TASK ITEM:
Find how many lines in the entries below carry the word "none" and answer with only that figure.

====== EXERCISE INPUTS

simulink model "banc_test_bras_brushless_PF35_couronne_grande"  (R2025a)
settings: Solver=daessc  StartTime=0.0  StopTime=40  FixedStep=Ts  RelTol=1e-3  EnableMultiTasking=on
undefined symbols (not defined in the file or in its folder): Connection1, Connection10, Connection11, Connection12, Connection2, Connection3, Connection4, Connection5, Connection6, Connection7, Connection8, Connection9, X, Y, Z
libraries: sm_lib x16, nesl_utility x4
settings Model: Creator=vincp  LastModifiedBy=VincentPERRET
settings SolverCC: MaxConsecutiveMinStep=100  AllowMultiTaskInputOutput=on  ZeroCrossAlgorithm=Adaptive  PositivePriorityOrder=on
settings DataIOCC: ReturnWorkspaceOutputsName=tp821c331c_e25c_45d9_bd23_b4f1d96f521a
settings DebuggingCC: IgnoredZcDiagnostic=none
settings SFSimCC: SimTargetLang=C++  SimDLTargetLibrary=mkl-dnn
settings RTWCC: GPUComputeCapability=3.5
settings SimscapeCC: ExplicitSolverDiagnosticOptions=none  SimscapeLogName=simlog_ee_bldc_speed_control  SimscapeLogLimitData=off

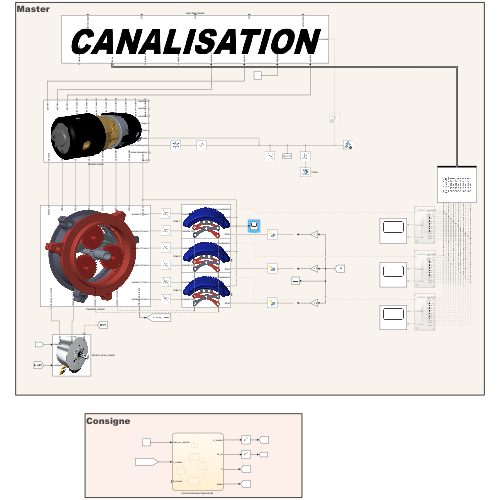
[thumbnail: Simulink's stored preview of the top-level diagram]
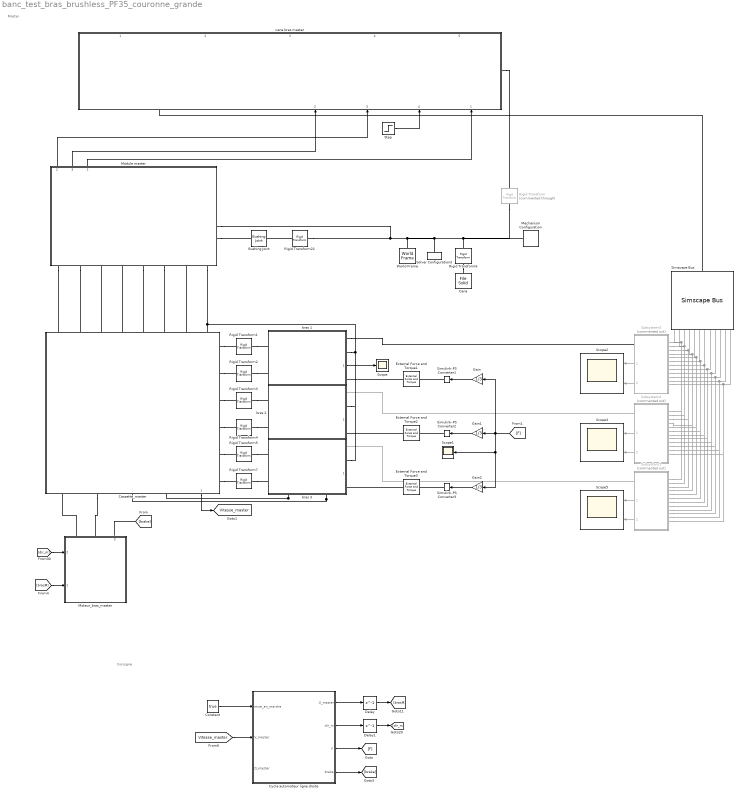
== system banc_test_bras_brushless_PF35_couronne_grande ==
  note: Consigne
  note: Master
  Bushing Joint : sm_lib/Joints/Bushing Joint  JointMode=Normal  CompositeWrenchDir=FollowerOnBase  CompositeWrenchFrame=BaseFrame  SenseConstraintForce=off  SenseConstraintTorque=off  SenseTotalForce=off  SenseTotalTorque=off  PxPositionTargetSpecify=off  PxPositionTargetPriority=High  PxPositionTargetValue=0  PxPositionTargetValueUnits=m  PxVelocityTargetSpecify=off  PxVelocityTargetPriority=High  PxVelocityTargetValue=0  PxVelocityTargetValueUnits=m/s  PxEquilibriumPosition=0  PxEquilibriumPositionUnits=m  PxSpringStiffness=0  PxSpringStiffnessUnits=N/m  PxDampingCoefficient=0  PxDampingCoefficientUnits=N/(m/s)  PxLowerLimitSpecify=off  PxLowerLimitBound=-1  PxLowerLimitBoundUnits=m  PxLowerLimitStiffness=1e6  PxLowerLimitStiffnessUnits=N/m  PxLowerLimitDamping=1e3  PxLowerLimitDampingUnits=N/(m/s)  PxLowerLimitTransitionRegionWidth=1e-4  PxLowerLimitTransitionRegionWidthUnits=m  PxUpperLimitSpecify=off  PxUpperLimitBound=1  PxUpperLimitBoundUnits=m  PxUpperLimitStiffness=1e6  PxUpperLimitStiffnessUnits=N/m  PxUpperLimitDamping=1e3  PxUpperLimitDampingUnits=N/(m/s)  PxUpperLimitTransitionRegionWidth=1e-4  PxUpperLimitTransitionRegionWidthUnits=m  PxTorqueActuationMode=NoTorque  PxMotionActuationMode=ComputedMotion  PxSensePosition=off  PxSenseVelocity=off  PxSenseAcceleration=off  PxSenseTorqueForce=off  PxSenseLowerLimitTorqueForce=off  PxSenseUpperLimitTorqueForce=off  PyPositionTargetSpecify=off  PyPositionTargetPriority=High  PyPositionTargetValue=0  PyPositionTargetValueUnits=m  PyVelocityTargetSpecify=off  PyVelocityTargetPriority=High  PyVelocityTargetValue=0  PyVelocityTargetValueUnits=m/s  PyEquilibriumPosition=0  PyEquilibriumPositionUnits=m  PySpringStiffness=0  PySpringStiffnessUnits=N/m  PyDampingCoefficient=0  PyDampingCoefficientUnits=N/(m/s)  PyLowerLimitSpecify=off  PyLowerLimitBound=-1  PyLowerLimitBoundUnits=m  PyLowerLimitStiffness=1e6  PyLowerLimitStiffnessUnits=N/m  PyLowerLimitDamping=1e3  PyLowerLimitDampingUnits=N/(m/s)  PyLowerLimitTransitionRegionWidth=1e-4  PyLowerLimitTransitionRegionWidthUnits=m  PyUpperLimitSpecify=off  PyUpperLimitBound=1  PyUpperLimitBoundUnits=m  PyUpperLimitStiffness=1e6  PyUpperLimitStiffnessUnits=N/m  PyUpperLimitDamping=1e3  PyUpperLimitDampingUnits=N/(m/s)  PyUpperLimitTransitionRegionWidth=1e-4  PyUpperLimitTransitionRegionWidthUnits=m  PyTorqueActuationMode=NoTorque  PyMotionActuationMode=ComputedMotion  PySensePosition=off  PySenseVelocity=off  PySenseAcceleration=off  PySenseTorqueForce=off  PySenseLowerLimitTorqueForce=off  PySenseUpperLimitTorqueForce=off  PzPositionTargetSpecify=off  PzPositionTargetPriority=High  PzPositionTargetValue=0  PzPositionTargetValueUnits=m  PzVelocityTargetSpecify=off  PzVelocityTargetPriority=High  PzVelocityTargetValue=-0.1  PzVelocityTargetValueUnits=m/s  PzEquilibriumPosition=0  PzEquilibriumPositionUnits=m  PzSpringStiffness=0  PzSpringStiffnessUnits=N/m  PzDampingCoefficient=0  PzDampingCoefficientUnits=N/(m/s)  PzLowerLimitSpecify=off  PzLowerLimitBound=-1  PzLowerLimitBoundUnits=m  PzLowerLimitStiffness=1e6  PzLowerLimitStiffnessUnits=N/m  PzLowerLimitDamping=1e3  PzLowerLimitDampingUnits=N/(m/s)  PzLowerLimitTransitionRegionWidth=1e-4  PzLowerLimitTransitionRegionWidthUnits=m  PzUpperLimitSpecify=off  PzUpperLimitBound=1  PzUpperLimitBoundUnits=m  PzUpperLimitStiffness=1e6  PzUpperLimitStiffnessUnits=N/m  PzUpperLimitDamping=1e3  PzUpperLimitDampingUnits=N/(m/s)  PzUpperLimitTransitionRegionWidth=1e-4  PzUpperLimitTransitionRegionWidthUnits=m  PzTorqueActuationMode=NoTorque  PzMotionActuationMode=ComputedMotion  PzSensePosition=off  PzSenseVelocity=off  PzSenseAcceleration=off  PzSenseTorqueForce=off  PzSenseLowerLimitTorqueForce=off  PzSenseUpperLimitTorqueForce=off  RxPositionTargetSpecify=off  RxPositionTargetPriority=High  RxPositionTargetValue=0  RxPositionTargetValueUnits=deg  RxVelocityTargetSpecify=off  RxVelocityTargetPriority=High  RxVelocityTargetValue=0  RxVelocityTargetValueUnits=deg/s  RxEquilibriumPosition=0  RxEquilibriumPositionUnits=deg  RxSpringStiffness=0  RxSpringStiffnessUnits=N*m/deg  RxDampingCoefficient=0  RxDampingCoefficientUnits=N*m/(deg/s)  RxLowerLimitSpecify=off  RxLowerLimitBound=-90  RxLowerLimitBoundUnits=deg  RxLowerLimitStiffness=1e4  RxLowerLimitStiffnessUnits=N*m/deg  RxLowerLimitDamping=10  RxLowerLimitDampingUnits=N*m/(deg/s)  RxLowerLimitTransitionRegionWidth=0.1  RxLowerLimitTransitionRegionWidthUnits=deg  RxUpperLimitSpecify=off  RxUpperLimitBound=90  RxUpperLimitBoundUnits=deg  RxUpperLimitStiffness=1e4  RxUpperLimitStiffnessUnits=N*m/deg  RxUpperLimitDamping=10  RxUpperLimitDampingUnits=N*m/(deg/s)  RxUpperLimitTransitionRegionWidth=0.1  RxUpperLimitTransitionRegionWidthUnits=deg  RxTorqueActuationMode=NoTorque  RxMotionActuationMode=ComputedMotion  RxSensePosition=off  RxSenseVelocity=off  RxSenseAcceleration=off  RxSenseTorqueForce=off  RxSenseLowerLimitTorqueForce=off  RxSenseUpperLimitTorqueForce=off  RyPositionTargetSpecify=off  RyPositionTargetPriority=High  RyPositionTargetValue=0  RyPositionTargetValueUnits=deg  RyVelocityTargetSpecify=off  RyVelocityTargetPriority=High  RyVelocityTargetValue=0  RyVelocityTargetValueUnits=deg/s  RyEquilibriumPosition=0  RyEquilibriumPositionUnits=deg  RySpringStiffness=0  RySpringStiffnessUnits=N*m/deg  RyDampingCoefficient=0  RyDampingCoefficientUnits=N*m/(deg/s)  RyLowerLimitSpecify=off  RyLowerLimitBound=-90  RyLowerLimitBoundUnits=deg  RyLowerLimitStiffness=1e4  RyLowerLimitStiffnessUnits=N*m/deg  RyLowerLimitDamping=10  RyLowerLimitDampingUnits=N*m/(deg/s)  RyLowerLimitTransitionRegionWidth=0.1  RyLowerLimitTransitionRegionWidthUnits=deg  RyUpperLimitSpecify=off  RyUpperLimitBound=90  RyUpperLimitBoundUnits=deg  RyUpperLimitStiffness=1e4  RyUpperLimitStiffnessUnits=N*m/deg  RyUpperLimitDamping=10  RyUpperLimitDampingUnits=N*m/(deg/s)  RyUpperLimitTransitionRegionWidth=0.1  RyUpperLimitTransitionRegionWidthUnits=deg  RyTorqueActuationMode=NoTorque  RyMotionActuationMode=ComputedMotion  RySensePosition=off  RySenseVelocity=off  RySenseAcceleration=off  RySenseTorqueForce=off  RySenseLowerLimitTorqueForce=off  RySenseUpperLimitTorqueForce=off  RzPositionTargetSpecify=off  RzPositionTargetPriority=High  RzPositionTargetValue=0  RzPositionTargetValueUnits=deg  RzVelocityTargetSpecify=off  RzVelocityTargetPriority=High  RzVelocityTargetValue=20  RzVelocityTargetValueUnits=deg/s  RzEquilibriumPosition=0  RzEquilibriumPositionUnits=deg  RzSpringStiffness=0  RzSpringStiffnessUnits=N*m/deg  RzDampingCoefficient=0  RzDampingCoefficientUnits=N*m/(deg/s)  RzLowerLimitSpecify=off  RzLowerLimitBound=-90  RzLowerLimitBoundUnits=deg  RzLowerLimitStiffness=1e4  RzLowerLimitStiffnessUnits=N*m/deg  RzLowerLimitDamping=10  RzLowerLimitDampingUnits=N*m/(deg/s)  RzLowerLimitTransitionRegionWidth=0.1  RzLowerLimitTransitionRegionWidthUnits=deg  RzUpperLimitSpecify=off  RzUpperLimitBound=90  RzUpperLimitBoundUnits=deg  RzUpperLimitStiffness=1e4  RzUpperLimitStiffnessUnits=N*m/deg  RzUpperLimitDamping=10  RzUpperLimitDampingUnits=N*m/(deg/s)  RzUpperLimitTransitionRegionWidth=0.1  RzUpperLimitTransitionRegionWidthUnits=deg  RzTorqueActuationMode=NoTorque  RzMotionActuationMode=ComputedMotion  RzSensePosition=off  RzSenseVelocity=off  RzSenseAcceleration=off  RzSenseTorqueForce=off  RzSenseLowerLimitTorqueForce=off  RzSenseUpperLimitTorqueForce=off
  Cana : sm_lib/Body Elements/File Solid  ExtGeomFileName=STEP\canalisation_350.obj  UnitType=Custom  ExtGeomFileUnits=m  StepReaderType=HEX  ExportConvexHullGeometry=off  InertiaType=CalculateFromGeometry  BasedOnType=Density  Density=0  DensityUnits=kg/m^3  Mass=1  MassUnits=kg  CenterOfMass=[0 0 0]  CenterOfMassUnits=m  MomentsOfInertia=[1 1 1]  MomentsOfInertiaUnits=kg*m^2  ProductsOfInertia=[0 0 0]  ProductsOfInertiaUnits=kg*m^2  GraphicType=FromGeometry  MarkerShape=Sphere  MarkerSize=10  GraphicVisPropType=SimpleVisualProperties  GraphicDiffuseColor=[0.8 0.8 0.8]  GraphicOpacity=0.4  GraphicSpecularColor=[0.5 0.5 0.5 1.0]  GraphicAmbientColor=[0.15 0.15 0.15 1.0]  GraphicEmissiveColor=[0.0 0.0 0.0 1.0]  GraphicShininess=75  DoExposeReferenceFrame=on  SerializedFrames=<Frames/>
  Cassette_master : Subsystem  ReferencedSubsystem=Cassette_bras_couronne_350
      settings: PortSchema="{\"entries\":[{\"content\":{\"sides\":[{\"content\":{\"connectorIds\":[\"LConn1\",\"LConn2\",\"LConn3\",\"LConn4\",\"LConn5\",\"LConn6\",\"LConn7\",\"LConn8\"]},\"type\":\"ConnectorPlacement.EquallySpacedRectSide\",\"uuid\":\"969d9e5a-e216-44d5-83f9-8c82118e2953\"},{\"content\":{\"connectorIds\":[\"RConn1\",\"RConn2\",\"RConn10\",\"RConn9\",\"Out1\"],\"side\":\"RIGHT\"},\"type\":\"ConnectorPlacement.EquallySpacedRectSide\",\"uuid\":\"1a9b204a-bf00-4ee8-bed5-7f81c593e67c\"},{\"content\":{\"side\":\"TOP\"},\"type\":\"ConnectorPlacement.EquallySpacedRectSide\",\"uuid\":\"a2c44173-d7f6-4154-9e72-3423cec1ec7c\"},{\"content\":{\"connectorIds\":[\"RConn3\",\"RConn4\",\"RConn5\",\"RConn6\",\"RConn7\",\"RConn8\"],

============

OUTPUT:
2